■ **WHAT IS EXPECTED**
All lines of the material that contain "CIRCLE" must be copied out.
RECORDS FOR THIS EXERCISE below:
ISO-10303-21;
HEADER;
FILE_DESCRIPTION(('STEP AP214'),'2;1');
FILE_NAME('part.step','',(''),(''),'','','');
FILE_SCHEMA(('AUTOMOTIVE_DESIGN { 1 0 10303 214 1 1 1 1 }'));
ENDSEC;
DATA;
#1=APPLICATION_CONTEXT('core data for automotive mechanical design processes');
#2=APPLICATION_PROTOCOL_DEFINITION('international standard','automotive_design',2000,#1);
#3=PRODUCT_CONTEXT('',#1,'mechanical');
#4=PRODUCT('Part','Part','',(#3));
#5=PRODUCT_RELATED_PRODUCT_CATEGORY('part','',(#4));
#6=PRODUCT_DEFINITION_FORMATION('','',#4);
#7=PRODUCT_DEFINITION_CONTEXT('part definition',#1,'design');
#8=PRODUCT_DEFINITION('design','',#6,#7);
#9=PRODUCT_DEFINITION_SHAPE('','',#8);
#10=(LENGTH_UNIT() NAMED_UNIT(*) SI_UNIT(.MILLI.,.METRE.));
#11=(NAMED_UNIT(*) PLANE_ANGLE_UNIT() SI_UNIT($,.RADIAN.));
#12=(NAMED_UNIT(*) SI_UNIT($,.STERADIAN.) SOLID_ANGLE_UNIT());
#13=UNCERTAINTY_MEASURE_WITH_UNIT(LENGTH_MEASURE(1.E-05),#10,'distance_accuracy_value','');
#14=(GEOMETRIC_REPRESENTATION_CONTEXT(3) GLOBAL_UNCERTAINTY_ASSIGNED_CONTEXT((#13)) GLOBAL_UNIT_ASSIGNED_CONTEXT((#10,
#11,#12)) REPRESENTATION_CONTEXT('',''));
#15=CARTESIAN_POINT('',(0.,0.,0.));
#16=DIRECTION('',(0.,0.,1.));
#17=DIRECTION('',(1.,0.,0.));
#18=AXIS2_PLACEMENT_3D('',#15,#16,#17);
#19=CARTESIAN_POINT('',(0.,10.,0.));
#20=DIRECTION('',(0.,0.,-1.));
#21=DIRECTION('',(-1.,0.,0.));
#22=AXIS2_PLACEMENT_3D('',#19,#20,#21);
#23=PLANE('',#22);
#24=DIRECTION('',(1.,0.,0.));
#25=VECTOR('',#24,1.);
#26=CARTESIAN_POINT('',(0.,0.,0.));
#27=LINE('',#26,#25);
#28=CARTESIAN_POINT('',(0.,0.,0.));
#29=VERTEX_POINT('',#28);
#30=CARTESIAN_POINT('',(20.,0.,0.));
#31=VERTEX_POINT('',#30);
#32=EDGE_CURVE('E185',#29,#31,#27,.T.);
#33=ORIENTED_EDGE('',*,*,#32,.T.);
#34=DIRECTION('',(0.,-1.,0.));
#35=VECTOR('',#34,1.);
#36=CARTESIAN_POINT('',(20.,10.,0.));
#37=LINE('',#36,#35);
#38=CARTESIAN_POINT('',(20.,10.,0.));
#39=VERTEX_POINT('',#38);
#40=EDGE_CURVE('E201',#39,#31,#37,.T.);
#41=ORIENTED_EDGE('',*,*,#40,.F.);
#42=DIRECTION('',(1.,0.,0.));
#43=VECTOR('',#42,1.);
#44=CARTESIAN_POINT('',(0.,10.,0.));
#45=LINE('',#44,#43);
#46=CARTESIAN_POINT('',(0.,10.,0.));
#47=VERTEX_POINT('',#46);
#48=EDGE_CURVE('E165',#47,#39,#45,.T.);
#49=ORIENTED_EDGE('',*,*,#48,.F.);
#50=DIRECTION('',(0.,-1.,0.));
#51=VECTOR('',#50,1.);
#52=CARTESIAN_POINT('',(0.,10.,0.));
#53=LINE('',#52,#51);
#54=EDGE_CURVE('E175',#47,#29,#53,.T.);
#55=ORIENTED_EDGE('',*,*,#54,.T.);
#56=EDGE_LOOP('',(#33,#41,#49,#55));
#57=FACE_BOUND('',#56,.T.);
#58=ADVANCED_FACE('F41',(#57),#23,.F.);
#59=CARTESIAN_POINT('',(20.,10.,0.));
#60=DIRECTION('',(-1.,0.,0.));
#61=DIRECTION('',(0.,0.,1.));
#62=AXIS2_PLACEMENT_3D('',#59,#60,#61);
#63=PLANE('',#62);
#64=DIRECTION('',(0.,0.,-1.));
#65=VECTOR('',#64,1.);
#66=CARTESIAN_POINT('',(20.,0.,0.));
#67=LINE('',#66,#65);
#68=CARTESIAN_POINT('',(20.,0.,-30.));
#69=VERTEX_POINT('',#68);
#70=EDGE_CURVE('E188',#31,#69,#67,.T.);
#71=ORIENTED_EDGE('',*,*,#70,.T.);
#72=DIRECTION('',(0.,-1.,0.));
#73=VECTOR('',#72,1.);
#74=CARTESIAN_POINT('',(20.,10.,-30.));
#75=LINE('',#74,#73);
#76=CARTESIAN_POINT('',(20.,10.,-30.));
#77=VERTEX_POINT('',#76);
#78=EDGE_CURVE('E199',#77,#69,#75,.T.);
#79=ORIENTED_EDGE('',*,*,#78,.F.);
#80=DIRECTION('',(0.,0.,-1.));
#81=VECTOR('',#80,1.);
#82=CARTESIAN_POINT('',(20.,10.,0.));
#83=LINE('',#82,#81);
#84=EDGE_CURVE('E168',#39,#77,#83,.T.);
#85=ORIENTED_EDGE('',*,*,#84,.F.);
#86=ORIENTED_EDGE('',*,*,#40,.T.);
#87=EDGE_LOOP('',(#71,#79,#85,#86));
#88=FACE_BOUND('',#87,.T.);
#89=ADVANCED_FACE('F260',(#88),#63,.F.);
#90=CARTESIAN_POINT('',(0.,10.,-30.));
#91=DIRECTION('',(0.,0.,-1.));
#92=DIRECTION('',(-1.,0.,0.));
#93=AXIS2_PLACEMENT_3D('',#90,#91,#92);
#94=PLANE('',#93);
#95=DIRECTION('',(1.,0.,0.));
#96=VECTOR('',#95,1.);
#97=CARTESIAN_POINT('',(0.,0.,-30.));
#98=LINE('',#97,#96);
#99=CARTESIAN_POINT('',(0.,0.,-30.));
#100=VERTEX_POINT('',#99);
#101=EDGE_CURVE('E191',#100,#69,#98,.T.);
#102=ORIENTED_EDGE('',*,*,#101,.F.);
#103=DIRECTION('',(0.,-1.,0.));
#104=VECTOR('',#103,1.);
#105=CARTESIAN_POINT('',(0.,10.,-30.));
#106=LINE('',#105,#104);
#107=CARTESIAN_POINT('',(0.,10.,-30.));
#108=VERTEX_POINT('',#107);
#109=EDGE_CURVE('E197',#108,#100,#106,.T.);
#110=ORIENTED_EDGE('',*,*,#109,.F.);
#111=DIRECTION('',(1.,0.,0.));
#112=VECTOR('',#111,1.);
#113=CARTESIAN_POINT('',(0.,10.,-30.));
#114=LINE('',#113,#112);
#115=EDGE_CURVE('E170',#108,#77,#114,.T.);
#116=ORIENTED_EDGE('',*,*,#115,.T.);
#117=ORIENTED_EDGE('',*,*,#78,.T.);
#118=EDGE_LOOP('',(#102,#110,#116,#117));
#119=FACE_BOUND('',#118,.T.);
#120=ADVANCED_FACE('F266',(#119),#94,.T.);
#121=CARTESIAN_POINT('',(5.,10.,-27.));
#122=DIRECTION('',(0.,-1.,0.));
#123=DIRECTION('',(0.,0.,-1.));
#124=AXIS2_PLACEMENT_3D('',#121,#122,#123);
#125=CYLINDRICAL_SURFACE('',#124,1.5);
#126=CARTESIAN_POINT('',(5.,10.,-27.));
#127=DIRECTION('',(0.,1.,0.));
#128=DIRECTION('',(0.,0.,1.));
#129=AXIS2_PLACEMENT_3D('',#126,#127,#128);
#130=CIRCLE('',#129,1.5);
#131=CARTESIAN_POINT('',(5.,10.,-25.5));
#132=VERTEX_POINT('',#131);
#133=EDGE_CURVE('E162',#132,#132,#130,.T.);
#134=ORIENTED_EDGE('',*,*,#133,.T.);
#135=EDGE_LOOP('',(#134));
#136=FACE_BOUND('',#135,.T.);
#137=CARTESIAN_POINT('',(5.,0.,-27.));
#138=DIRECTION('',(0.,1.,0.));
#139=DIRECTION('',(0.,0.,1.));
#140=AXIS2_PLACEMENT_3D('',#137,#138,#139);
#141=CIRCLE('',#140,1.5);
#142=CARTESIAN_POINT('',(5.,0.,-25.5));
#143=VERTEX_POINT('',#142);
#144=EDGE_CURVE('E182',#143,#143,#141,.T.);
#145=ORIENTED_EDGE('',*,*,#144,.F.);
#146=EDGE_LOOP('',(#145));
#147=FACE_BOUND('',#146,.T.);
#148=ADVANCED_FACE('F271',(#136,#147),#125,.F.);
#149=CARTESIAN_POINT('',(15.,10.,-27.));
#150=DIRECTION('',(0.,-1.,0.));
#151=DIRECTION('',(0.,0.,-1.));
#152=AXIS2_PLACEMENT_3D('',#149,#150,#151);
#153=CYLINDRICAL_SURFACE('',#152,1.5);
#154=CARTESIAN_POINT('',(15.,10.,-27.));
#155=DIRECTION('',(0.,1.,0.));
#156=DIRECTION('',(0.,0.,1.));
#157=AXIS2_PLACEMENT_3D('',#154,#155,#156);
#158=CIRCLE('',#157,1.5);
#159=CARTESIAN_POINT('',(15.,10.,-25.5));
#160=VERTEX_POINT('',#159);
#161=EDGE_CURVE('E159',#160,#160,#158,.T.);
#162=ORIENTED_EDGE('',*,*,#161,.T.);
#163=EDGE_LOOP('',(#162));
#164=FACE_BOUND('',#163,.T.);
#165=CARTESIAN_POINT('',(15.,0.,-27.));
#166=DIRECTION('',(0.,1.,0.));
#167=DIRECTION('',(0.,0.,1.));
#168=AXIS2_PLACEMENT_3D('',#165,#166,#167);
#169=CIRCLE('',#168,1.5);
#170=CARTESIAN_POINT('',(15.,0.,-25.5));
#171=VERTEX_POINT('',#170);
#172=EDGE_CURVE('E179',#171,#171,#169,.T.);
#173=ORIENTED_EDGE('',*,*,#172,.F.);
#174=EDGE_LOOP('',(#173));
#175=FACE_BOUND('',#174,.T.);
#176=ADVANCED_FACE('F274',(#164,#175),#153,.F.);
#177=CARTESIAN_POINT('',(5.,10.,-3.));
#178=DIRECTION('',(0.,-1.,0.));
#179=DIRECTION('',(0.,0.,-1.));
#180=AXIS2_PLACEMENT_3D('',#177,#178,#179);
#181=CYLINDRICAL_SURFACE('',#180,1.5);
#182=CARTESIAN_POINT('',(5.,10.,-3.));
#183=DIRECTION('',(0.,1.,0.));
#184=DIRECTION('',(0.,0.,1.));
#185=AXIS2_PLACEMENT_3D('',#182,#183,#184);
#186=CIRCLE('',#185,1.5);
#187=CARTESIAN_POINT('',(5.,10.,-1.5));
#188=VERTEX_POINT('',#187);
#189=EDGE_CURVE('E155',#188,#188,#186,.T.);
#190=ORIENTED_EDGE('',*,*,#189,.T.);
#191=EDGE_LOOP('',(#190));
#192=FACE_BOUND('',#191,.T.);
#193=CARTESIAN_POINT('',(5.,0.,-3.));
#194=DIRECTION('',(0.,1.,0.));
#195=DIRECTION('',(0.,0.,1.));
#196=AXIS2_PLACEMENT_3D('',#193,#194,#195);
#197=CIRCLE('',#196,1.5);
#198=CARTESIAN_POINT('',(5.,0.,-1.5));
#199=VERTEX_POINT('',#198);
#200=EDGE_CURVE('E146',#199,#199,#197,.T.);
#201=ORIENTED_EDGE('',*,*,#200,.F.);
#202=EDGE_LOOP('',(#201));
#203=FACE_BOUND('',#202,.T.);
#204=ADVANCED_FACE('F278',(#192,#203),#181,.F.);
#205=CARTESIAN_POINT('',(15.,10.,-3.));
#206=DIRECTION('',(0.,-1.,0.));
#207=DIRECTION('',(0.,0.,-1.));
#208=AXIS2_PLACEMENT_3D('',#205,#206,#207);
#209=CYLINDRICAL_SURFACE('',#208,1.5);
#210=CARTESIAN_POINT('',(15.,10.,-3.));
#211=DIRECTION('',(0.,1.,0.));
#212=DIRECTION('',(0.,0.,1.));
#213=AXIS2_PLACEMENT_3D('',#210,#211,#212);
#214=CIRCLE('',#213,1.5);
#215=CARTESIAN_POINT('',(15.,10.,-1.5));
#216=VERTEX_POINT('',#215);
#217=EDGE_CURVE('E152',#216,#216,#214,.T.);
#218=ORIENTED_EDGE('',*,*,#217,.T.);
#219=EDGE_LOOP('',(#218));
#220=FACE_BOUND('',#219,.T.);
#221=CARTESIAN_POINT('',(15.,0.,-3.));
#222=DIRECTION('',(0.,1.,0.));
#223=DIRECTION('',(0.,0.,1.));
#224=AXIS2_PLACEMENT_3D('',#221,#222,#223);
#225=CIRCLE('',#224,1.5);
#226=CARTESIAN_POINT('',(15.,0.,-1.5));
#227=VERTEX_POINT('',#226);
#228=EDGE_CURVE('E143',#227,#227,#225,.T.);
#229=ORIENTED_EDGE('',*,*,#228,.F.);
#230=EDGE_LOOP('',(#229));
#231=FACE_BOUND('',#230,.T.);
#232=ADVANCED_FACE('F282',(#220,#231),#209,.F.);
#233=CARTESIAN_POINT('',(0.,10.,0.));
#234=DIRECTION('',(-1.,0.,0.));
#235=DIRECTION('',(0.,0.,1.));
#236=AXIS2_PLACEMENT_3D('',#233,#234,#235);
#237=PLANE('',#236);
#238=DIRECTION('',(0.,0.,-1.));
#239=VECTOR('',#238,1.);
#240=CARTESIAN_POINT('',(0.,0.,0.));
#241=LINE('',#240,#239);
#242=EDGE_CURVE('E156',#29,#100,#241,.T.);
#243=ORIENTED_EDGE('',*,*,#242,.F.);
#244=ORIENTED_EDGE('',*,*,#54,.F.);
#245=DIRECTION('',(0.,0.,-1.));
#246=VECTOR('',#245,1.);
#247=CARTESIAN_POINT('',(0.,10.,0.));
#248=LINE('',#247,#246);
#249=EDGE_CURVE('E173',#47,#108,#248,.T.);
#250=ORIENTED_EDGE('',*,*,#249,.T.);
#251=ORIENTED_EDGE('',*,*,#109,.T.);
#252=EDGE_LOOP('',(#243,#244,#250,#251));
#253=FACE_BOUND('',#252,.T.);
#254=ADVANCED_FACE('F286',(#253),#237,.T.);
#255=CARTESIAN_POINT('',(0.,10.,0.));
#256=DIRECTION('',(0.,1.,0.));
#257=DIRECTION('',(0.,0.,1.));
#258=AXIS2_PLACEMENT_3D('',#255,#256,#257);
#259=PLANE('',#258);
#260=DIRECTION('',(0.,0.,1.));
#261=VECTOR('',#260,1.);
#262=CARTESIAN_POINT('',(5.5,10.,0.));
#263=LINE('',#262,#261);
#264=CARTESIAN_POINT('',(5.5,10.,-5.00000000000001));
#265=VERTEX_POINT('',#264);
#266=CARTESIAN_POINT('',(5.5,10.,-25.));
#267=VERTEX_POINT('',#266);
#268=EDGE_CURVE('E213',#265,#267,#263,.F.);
End of RECORDS FOR THIS EXERCISE.
■ **TASK OUTPUT**
#130=CIRCLE('',#129,1.5);
#141=CIRCLE('',#140,1.5);
#158=CIRCLE('',#157,1.5);
#169=CIRCLE('',#168,1.5);
#186=CIRCLE('',#185,1.5);
#197=CIRCLE('',#196,1.5);
#214=CIRCLE('',#213,1.5);
#225=CIRCLE('',#224,1.5);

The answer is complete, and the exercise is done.